*** Begin section ***
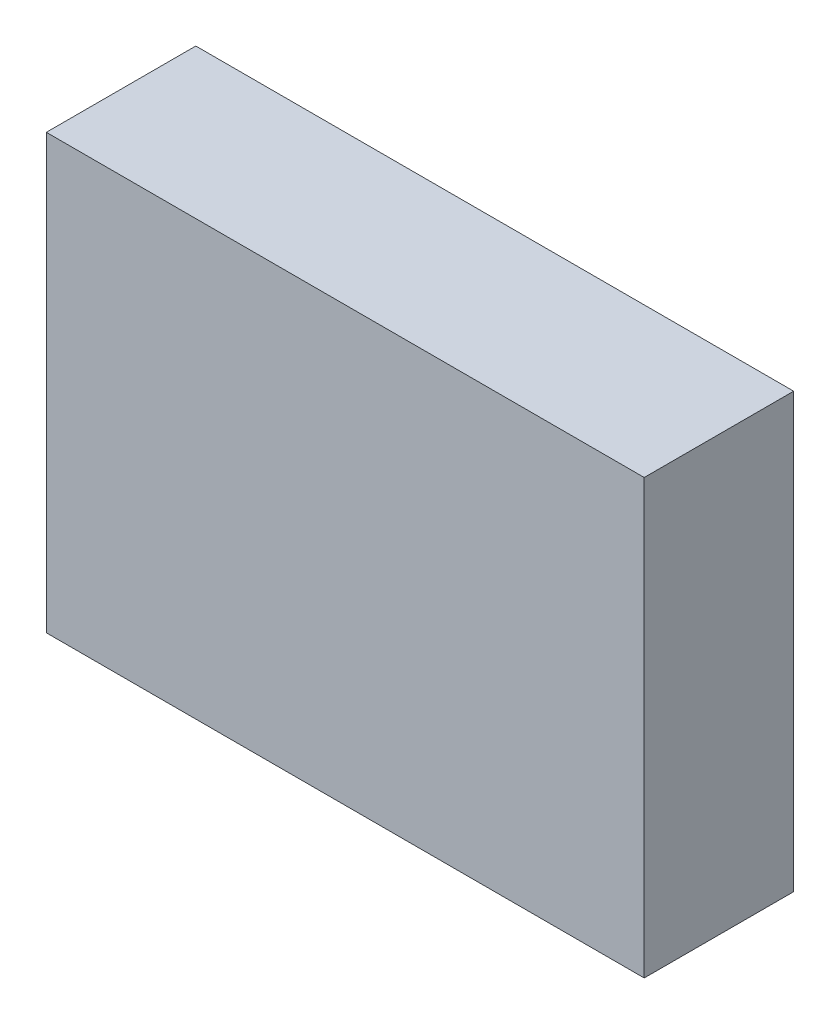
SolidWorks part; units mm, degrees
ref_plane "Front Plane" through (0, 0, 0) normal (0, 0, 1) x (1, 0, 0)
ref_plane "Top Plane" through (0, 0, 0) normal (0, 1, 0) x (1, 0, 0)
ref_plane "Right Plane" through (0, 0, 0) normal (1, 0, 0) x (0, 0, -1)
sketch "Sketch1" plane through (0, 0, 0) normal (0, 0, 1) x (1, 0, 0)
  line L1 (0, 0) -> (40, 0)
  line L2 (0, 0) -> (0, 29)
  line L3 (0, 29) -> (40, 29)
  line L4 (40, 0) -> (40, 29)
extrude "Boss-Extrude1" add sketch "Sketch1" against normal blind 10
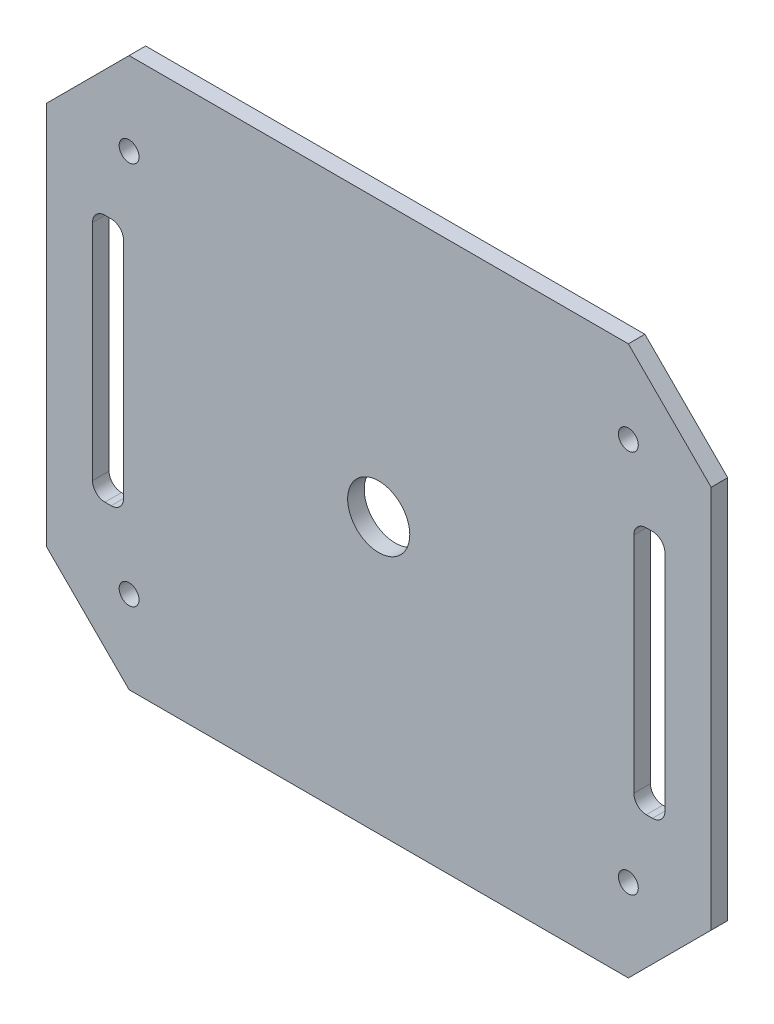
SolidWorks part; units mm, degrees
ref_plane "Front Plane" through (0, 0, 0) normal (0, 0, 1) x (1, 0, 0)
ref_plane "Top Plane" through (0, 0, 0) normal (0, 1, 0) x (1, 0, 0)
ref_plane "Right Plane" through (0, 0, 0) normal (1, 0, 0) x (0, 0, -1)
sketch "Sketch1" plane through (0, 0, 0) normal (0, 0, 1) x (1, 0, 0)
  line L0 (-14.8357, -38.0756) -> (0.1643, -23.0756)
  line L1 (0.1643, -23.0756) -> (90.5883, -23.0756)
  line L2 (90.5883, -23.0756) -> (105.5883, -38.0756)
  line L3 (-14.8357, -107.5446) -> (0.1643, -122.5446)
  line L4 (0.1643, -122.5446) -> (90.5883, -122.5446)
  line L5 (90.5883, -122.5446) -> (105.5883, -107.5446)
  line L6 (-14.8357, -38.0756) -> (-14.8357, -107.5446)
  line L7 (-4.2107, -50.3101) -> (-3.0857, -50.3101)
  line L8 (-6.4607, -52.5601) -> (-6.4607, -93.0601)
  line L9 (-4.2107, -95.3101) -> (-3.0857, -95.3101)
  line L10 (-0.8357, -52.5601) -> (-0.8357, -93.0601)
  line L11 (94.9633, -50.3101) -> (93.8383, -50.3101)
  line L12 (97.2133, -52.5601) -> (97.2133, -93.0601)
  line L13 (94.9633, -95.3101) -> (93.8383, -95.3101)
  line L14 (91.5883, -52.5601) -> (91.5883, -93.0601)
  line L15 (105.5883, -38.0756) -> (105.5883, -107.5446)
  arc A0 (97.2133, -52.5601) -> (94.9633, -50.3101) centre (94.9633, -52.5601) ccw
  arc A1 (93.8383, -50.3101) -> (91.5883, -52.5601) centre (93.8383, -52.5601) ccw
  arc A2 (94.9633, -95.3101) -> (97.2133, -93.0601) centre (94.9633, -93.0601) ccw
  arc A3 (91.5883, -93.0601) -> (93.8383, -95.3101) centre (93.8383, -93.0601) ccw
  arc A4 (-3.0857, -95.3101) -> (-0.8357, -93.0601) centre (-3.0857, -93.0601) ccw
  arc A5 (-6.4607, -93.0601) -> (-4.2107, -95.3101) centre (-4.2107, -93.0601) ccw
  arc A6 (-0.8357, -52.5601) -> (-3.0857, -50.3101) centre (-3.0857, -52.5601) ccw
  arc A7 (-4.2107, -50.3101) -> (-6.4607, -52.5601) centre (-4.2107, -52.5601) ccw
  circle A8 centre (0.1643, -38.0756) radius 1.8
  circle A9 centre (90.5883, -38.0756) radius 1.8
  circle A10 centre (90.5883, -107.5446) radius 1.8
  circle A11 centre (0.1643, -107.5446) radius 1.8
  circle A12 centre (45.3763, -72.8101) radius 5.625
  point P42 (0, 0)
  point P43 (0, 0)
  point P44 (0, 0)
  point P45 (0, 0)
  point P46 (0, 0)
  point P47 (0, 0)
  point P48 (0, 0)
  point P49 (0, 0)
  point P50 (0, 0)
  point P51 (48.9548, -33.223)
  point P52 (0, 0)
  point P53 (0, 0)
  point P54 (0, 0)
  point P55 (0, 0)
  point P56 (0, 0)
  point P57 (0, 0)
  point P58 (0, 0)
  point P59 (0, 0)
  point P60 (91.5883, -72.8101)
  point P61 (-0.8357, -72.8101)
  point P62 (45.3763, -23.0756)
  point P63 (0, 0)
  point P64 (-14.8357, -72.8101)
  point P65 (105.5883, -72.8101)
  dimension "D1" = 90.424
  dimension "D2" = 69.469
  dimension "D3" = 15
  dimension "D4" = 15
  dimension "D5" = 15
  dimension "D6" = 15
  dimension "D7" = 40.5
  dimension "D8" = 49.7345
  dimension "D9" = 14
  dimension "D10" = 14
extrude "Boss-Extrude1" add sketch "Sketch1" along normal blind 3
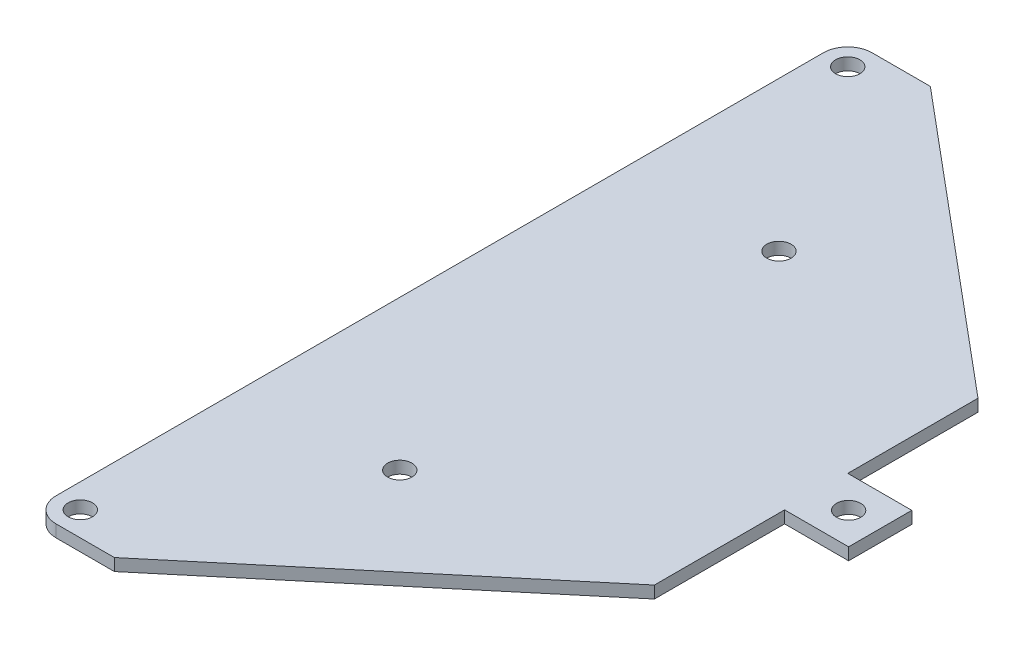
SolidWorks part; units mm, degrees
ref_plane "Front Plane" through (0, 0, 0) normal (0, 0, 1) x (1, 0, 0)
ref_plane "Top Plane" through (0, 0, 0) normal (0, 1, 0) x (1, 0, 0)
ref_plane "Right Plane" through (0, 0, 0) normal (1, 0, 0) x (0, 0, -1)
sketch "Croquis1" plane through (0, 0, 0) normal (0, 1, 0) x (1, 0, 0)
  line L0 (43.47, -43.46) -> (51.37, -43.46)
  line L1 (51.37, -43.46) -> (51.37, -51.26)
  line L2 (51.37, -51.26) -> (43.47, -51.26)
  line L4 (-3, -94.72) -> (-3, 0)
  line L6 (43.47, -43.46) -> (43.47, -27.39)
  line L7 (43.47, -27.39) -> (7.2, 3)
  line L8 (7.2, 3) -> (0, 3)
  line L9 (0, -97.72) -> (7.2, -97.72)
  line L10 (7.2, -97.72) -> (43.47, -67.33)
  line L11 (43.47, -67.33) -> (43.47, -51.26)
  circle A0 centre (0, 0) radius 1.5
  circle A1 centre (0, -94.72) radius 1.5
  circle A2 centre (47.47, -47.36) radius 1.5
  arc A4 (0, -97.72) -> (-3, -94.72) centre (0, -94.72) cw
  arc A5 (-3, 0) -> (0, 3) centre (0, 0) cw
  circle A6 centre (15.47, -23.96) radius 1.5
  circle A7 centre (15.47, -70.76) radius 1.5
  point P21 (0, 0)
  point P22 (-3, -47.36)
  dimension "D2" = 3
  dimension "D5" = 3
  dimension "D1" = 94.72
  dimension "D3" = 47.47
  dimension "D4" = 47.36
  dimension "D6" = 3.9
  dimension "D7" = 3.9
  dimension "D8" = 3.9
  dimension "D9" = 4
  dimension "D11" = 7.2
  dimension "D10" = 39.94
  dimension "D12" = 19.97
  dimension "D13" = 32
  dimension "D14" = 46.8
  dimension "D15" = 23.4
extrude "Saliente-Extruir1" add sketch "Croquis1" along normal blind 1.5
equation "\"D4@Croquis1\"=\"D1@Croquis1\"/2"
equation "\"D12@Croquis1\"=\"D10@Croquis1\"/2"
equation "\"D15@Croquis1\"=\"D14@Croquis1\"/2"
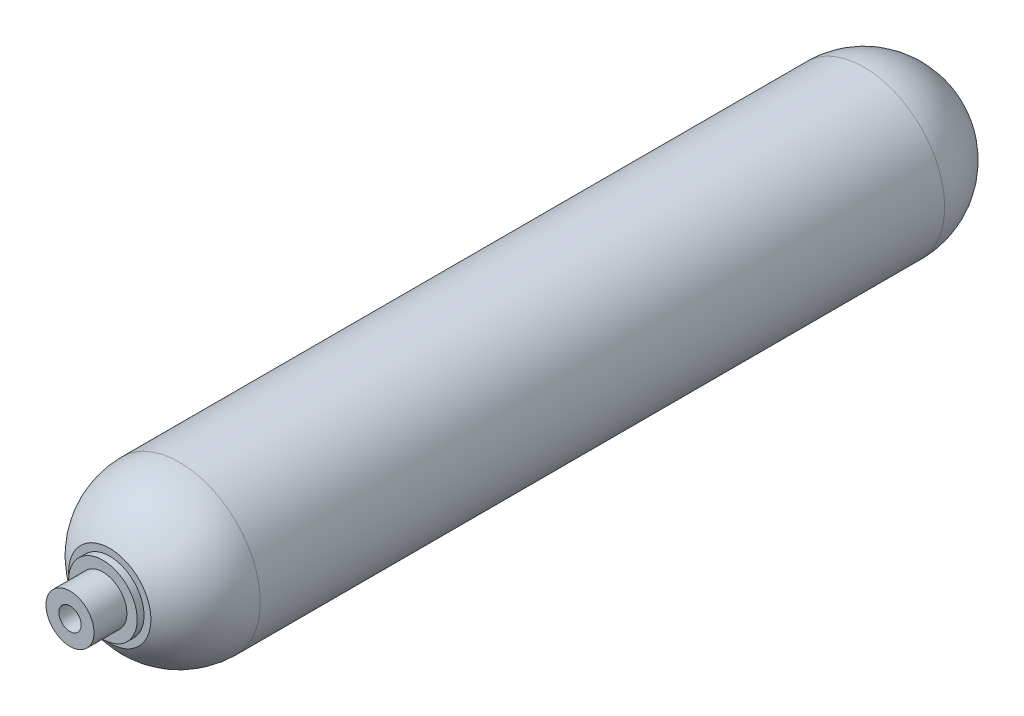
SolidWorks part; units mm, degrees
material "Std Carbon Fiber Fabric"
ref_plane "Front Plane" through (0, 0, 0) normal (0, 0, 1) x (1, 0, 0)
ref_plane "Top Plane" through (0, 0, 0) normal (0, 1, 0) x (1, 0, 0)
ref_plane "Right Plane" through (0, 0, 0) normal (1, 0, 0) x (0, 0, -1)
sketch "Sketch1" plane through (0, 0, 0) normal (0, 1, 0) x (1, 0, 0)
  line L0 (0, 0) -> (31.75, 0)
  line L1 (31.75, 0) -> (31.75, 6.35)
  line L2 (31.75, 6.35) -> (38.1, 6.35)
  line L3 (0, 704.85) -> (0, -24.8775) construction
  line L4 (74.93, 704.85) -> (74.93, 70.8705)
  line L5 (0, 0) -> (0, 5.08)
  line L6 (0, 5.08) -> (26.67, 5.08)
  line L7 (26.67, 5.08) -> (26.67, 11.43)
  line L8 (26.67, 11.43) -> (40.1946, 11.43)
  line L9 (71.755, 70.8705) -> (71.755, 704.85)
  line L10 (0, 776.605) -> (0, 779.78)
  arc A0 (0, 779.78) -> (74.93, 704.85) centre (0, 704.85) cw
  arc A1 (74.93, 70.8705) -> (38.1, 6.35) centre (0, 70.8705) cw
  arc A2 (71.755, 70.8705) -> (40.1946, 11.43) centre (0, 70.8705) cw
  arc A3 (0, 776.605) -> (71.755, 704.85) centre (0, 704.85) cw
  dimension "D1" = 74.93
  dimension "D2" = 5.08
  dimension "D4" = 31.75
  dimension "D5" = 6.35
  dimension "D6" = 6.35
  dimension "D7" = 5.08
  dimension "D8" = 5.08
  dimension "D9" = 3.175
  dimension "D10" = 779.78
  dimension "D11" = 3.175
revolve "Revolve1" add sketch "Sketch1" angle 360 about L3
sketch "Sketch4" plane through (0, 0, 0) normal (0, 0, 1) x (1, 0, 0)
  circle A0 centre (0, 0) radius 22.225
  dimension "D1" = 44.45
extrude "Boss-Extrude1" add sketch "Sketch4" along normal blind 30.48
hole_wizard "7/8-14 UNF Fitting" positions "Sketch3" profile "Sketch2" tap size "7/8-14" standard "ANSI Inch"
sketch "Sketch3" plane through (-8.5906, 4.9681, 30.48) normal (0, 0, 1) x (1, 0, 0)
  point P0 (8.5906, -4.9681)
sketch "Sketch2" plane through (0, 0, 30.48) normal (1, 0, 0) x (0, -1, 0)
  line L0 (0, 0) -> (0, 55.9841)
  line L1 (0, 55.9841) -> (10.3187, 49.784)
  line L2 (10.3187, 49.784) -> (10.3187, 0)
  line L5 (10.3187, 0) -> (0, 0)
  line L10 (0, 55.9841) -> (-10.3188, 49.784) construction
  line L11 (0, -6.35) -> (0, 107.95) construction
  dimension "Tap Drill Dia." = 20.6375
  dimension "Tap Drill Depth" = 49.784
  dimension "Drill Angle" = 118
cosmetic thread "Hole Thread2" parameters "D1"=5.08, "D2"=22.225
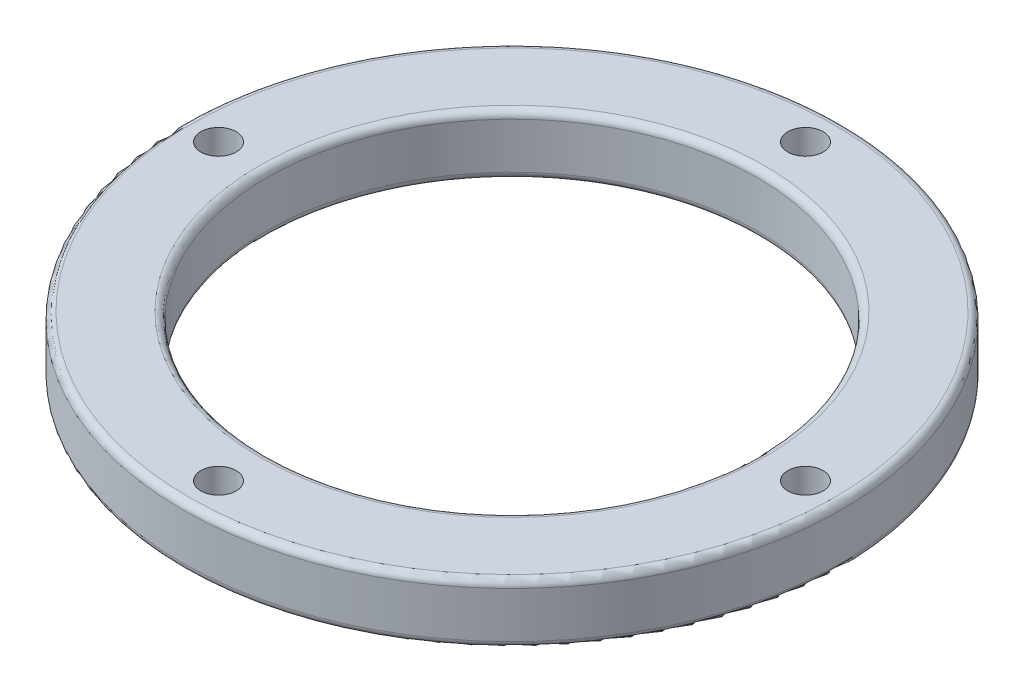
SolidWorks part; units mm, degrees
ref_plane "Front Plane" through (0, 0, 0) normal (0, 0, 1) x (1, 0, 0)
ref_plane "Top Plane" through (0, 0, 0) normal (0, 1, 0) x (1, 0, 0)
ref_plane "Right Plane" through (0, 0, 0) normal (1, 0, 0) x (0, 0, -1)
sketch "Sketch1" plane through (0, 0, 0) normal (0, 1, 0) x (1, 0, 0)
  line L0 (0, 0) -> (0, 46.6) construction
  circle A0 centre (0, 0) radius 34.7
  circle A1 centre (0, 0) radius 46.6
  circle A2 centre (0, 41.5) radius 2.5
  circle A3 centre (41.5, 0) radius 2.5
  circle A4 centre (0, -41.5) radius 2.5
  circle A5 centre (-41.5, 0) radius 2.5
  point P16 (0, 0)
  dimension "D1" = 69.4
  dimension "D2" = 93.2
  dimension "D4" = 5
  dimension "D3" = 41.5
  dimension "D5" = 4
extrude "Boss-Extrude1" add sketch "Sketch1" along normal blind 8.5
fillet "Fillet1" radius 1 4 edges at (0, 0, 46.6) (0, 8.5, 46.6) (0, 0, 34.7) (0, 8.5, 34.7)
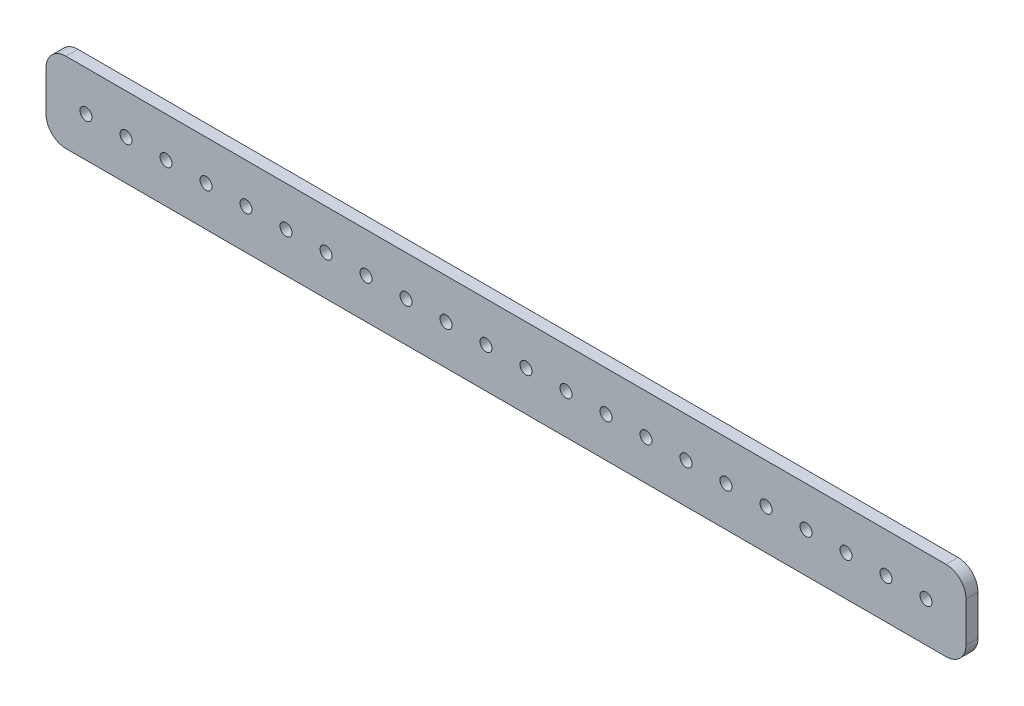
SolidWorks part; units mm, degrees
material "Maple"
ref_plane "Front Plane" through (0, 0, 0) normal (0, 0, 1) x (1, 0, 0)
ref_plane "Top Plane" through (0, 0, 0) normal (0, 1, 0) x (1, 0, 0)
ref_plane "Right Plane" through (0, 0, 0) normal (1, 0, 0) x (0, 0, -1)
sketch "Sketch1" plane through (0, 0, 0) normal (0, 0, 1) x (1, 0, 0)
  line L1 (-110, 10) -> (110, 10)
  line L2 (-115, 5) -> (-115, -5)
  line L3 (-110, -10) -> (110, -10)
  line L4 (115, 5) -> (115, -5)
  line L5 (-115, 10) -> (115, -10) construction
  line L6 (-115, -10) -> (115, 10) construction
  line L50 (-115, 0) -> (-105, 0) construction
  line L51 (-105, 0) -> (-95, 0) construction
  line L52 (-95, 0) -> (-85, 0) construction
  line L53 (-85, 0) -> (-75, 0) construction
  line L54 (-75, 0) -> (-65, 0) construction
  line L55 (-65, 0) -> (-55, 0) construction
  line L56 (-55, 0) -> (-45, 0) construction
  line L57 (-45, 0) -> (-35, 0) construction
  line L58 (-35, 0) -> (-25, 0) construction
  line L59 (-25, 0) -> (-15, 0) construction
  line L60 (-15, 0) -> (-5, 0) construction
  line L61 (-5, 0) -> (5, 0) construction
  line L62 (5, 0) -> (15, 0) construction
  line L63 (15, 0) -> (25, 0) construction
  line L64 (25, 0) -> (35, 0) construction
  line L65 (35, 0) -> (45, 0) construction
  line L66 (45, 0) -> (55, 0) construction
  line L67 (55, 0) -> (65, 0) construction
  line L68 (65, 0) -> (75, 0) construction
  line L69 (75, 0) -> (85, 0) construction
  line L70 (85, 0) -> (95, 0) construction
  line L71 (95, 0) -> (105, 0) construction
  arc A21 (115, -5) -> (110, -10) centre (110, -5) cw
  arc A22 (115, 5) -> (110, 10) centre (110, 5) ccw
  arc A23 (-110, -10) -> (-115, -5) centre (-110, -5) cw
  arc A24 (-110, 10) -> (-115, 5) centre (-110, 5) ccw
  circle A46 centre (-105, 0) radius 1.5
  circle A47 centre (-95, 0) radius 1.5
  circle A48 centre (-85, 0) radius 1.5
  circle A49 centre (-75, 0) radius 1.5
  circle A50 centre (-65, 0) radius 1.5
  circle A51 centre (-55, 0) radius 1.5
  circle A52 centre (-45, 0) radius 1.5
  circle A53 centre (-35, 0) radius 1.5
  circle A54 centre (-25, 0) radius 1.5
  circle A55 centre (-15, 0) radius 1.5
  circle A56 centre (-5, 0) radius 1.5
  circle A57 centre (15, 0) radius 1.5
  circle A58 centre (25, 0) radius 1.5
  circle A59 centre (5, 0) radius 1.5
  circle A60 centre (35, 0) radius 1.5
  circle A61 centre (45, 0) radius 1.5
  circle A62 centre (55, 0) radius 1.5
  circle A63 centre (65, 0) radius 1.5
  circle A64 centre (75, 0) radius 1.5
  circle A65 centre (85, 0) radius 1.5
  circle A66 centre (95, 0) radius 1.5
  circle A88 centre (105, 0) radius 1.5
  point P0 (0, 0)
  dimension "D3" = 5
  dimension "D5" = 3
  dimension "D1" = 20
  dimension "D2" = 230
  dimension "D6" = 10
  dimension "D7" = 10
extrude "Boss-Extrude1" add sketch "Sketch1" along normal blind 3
*** End section ***
* What the exercise asks
What is the number of lines above that contain "equation"? Answer with that number only.

* Task result
3